Required work> The lines to extract run from the start of the records through the line with "circle A1 centre (0, 0) radius 5", both ends included; drop the pictures.

(Collection entries)
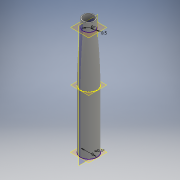
# Autodesk Inventor part: Hand
Saved by Autodesk Inventor 2016 (Build 200138000, 138)
## iProperties
Created: 2015-12-24
Part Number: Hand
Material: Generic
Document SubType Name: Modeling
Designer: gregg
Density: 1 g/cm^3
Appearance: Default
Author: gregg
Autodesk Inventor part; units mm, degrees
ref_plane "YZ Plane" through (0, 0, 0) normal (1, 0, 0) x (0, 1, 0)
ref_plane "XZ Plane" through (0, 0, 0) normal (0, 1, 0) x (-1, 0, 0)
sketch "Sketch1" plane through (0, 0, 0) normal (0, 0, 1) x (1, 0, 0)
  circle A0 centre (0, 0) radius 4.5
  circle A1 centre (0, 0) radius 5
  line L0 (0, 0) -> (0, -5)
  dimension "d0" = 9
  dimension "d1" = 0.5
  constraints: 2 coincident, 2 end point, 1 centre point, 1 vertical, 1 vertical alignment, 2 other
  measures "d0" diameter of A0
ref_plane "Work Plane1" through (0, 0, 35) normal (0, 0, 1) x (1, 0, 0)
ref_plane "Work Plane2" through (0, 0, 65) normal (0, 0, 1) x (1, 0, 0)
sketch "Sketch3" plane through (0, 0, 65) normal (0, 0, 1) x (1, 0, 0)
  circle A0 centre (0, 0) radius 3
  circle A1 centre (0, 0) radius 3.5
  line L0 (0, 0) -> (0, -3.5)
  dimension "d4" = 0.5
  dimension "d5" = 6
  constraints: 2 coincident, 2 end point, 1 centre point, 1 vertical, 1 vertical alignment, 2 other
  measures "d5" diameter of A0
sketch "Sketch2" plane through (0, 0, 35) normal (0, 0, 1) x (1, 0, 0)
  circle A0 centre (0, 0) radius 5 projected
  circle A1 centre (0, 0) radius 4.5 projected
  line L0 (0, 0) -> (0, -5)
  constraints: 2 end point, 1 vertical, 1 vertical alignment, 1 other
ref_plane "Work Plane3" through (0, 0, 0) normal (-1, 0, 0) x (0, -1, 0)
sketch "Sketch4" plane through (0, 0, 0) normal (-1, 0, 0) x (0, -1, 0)
  line L0 (5, 35) -> (5, 0)
  line L1 (5, 0) -> (4.5, 0)
  line L2 (4.5, 0) -> (4.5, 35)
  arc A0 (5, 35) -> (3.5, 65) centre (-295.75, 35) ccw
  line L3 (5, 0) -> (-5, 0) projected
  line L4 (4.5, 0) -> (-4.5, 0) projected
  line L5 (0, 0) -> (5, 0) projected
  line L6 (5, 35) -> (-5, 35) projected
  line L7 (0, 35) -> (5, 35) projected
  line L8 (4.5, 35) -> (-4.5, 35) projected
  line L9 (0, 65) -> (3.5, 65) projected
  line L10 (3.5, 65) -> (-3.5, 65) projected
  line L11 (3, 65) -> (-3, 65) projected
  line L12 (3.5, 65) -> (3, 65)
  arc A1 (4.5, 35) -> (3, 65) centre (-296.25, 35) ccw
  line L13 (0, 65) -> (0, 0)
  constraints: 10 end point, 4 point on circle, 2 centre point, 2 perpendicular, 2 tangent, 1 parallel
revolve "Revolution2" add sketch "Sketch4" angle 360 about axis through (0, 0, 65) along (0, 0, -1) contours L6 A1 L9 A0 | L0 L1 L2 L6
sketch "Sketch5" plane through (0, 0, 65) normal (0, 0, 1) x (1, 0, 0)
  circle A0 centre (0, 0) radius 3.5
  circle A1 centre (0, 0) radius 2
  circle A2 centre (0, 0) radius 3 projected
  dimension "d21" = 4
  constraints: 2 centre point, 2 coincident
  measures "d21" diameter of A1
extrude "Extrusion1" add sketch "Sketch5" along normal blind 5 contours A0
body "Solid3"
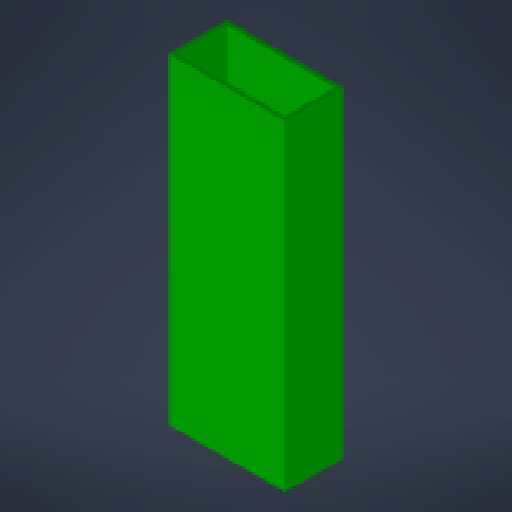
# Autodesk Inventor part: main axis
Saved by Autodesk Inventor 2024 (Build 280153000, 153)
## iProperties
Created: 2023-04-17
Part Number: main axis
Material: Типовые
Document SubType Name: Modeling
Designer: user
Density: 1 g/cm^3
Appearance: По умолчанию
Author: user
Autodesk Inventor part; units mm, degrees
ref_plane "YZ Plane" through (0, 0, 0) normal (1, 0, 0) x (0, 1, 0)
ref_plane "XZ Plane" through (0, 0, 0) normal (0, 1, 0) x (-1, 0, 0)
ref_plane "XY Plane" through (0, 0, 0) normal (0, 0, 1) x (1, 0, 0)
sketch "Эскиз1" plane through (0, 0, 0) normal (0, 0, 1) x (1, 0, 0)
  line L0 (0, 0) -> (-40, 0)
  line L1 (-40, 0) -> (-40, 20)
  line L2 (-40, 20) -> (0, 20)
  line L3 (0, 20) -> (0, 0)
  line L4 (-1.5, 1.5) -> (-38.5, 1.5)
  line L5 (-38.5, 1.5) -> (-38.5, 18.5)
  line L6 (-38.5, 18.5) -> (-1.5, 18.5)
  line L7 (-1.5, 18.5) -> (-1.5, 1.5)
  point P0 (-20, 18.5)
  point P1 (-20, 20)
  point P2 (-38.5, 10)
  point P3 (-40, 10)
  dimension "d0" = 40
  dimension "d18" = 20
  dimension "d19" = 1.5
  dimension "d20" = 1.5
  constraints: 16 end point, 4 midpoint, 4 parallel, 2 horizontal, 2 perpendicular, 1 horizontal alignment, 1 vertical alignment
  measures "d0" distance of L1.end L2.end
  measures "d18" distance of L0.end L1.end
  measures "d19" horizontal distance of L1.end L5.end
  measures "d20" horizontal distance of L2.end L6.end
extrude "Выдавливание3" add sketch "Эскиз1" against normal blind 110
equation "\"d20\" = d19"
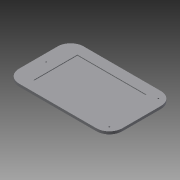
# Autodesk Inventor part: sensor_board_base
Saved by Autodesk Inventor 2013 (Build 170138000, 138)
## iProperties
Created: 2013-08-09
Part Number: sensor_board_base
Material: Generic
Document SubType Name: Modeling
Designer: Marc Bucchieri
Density: 1 g/cm^3
Author: Marc Bucchieri
Autodesk Inventor part; units mm, degrees
ref_plane "YZ Plane" through (0, 0, 0) normal (1, 0, 0) x (0, 1, 0)
ref_plane "XZ Plane" through (0, 0, 0) normal (0, 1, 0) x (-1, 0, 0)
ref_plane "XY Plane" through (0, 0, 0) normal (0, 0, 1) x (1, 0, 0)
sketch "Sketch1" plane through (0, 0, 0) normal (0, 1, 0) x (-1, 0, 0)
  line L0 (50.8, -31.75) -> (-50.8, -31.75)
  line L1 (-50.8, -31.75) -> (-50.8, 31.75)
  line L2 (-50.8, 31.75) -> (50.8, 31.75)
  line L3 (50.8, 31.75) -> (50.8, -31.75)
  line L4 (-57.1863, 0) -> (79.611, 0) construction
  point P0 (0, 0)
  dimension "d0" = 63.5
  dimension "d2" = 101.6
  dimension "d25" = 31.75
  dimension "d36" = 50.8
  constraints: 10 end point, 2 horizontal, 2 parallel, 2 perpendicular
  measures "d0" distance of L2.end L0.start
  measures "d2" distance of L0.start L0.end
  measures "d25" distance between parallel lines of L2 L4
  measures "d36" distance from line of L1 point (0, 0)
extrude "Extrusion1" add sketch "Sketch1" along normal blind 2.54
sketch "Sketch2" plane through (0, 0, 0) normal (0, -1, 0) x (1, 0, 0)
  line L0 (-50.8, -31.75) -> (50.8, -31.75) projected
  line L1 (50.8, -31.75) -> (50.8, 31.75) projected
  line L2 (50.8, 31.75) -> (-50.8, 31.75) projected
  line L3 (-50.8, 31.75) -> (-50.8, -31.75) projected
  circle A0 centre (-43.18, 0) radius 3.175
  circle A1 centre (43.18, 24.13) radius 3.175
  circle A2 centre (43.18, -24.13) radius 3.175
  line L4 (43.18, 24.13) -> (43.18, -24.13) construction
  point P0 (0, 0)
  dimension "d5" = 6.35
  dimension "d6" = 7.62
  dimension "d7" = 6.35
  dimension "d8" = 7.62
  dimension "d9" = 7.62
  dimension "d12" = 6.35
  dimension "d13" = 7.62
  dimension "d26" = 31.75
  constraints: 5 coincident, 3 centre point, 2 end point, 1 vertical
  measures "d5" diameter of A0
  measures "d6" distance from line of L3 A0.centre
  measures "d7" diameter of A1
  measures "d8" distance from line of L1 A1.centre
  measures "d9" distance from line of L2 A1.centre
  measures "d12" diameter of A2
  measures "d13" distance from line of L0 L4.end
  measures "d26" distance from line of L2 point (-43.18, 0)
extrude "Extrusion2" add sketch "Sketch2" along normal blind 2.032 contours A0 | A1 | A2
hole "Hole1" at (43.18, -2.032, 24.13) direction (0, 1, 0) diameter 1.27 end through all
mirror "Mirror1" about plane through (0, 0, 0) normal (0, 0, 1) of "Hole1"
sketch "Sketch4" plane through (-43.18, -2.032, 0) normal (0, -1, 0) x (1, 0, 0)
  circle A0 centre (0, 0) radius 3.175 projected
  point P0 (43.18, 0)
  constraints: 2 coincident
hole "Hole2" at (-43.18, -2.032, 0) direction (0, 1, 0) diameter 1.27 end through all
sketch "Sketch5" plane through (0, 2.54, 0) normal (0, 1, 0) x (1, 0, 0)
  line L0 (-33.9981, 21.59) -> (33.797, 21.59)
  line L1 (33.797, 21.59) -> (33.797, -21.59)
  line L2 (33.797, -21.59) -> (-33.9981, -21.59)
  line L3 (-33.9981, -21.59) -> (-33.9981, 21.59)
  point P0 (0, 0)
  constraints: 8 end point, 2 parallel, 1 horizontal, 1 perpendicular
extrude "Extrusion3" cut sketch "Sketch5" against normal blind 0.762
fillet "Fillet1" radius 12.7 4 edges at (-50.8, 1.27, 31.75) (50.8, 1.27, 31.75) (50.8, 1.27, -31.75) (-50.8, 1.27, -31.75)
chamfer "Chamfer1" distance 2.032 angle 45 3 edges at (40.005, 0, -24.13) (40.005, 0, 24.13) (-46.355, 0, 0)
equation "\"d6\" = d13"
equation "\"d8\" = d13"
body "Solid1"
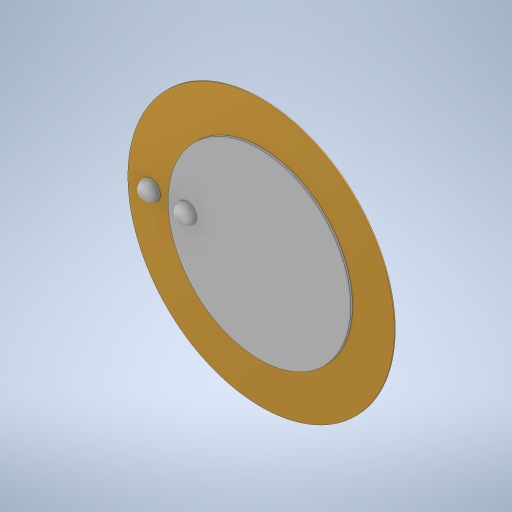
# Autodesk Inventor part: Piezo
Saved by Autodesk Inventor 2023 (Build 270158000, 158)
## iProperties
Created: 2023-02-27
Part Number: Piezo
Material: Generic
Document SubType Name: Modeling
Designer: maste
Density: 1 g/cm^3
Appearance: Default
Author: maste
Autodesk Inventor part; units mm, degrees
ref_plane "YZ Plane" through (0, 0, 0) normal (1, 0, 0) x (0, 1, 0)
ref_plane "XZ Plane" through (0, 0, 0) normal (0, 1, 0) x (-1, 0, 0)
ref_plane "XY Plane" through (0, 0, 0) normal (0, 0, 1) x (1, 0, 0)
sketch "Sketch1" plane through (0, 0, 0) normal (0, 0, 1) x (1, 0, 0)
  circle A0 centre (0, 0) radius 17.5
  dimension "d0" = 35
  constraints: 1 centre point, 1 coincident
  measures "d0" diameter of A0
extrude "Extrusion1" add sketch "Sketch1" along normal blind 0.13
sketch "Sketch2" plane through (0, 0, 0.13) normal (0, 0, 1) x (1, 0, 0)
  circle A0 centre (0, 0) radius 12
  dimension "d3" = 24
  constraints: 1 centre point, 1 coincident
  measures "d3" diameter of A0
extrude "Extrusion2" add sketch "Sketch2" along normal blind 0.22
sketch "Sketch3" plane through (0, 0, 0.13) normal (0, 0, 1) x (1, 0, 0)
  circle A0 centre (0, 0) radius 17.5 projected
  line L0 (-17.5, 0) -> (-14.5, 0)
  circle A1 centre (-14.5, 0) radius 1.25
  line L1 (-14.5, 0) -> (-13.25, 0)
  point P0 (-15.75, 0)
  dimension "d7" = 2.5
  dimension "d6" = 3
  constraints: 4 end point, 2 horizontal, 1 coincident, 1 horizontal alignment, 4 other
  measures "d6" distance of L0.start L0.end
revolve "Revolution1" add sketch "Sketch3" angle 180 about axis through (-17.5, 0, 0.13) along (1, 0, 0) picked at (-14.1156, 0.7325) contours A1 L1 L0
sketch "Sketch4" plane through (0, 0, 0.35) normal (0, 0, 1) x (1, 0, 0)
  circle A0 centre (-14.5, 0) radius 1.25 projected
  circle A1 centre (0, 0) radius 12 projected
  circle A2 centre (0, 0) radius 17.5 projected
  circle A3 centre (0, 0) radius 17.5 projected
  line L0 (-17.5, 0) -> (-9.5, 0)
  circle A4 centre (-9.5, 0) radius 1.25
  line L1 (-9.5, 0) -> (-8.25, 0)
  point P0 (-10.75, 0)
  dimension "d10" = 2.5
  dimension "d9" = 8
  constraints: 4 end point, 2 horizontal, 1 coincident, 1 horizontal alignment, 4 other
  measures "d9" distance of L0.start L0.end
revolve "Revolution2" add sketch "Sketch4" angle 180 about axis through (-17.5, 0, 0.35) along (1, 0, 0) picked at (-9.1156, 0.7325) contours A4 L1 L0
body "Solid1"

Solution for this problem>
# Autodesk Inventor part: Hand
Saved by Autodesk Inventor 2016 (Build 200138000, 138)
## iProperties
Created: 2015-12-24
Part Number: Hand
Material: Generic
Document SubType Name: Modeling
Designer: gregg
Density: 1 g/cm^3
Appearance: Default
Author: gregg
Autodesk Inventor part; units mm, degrees
ref_plane "YZ Plane" through (0, 0, 0) normal (1, 0, 0) x (0, 1, 0)
ref_plane "XZ Plane" through (0, 0, 0) normal (0, 1, 0) x (-1, 0, 0)
sketch "Sketch1" plane through (0, 0, 0) normal (0, 0, 1) x (1, 0, 0)
  circle A0 centre (0, 0) radius 4.5
  circle A1 centre (0, 0) radius 5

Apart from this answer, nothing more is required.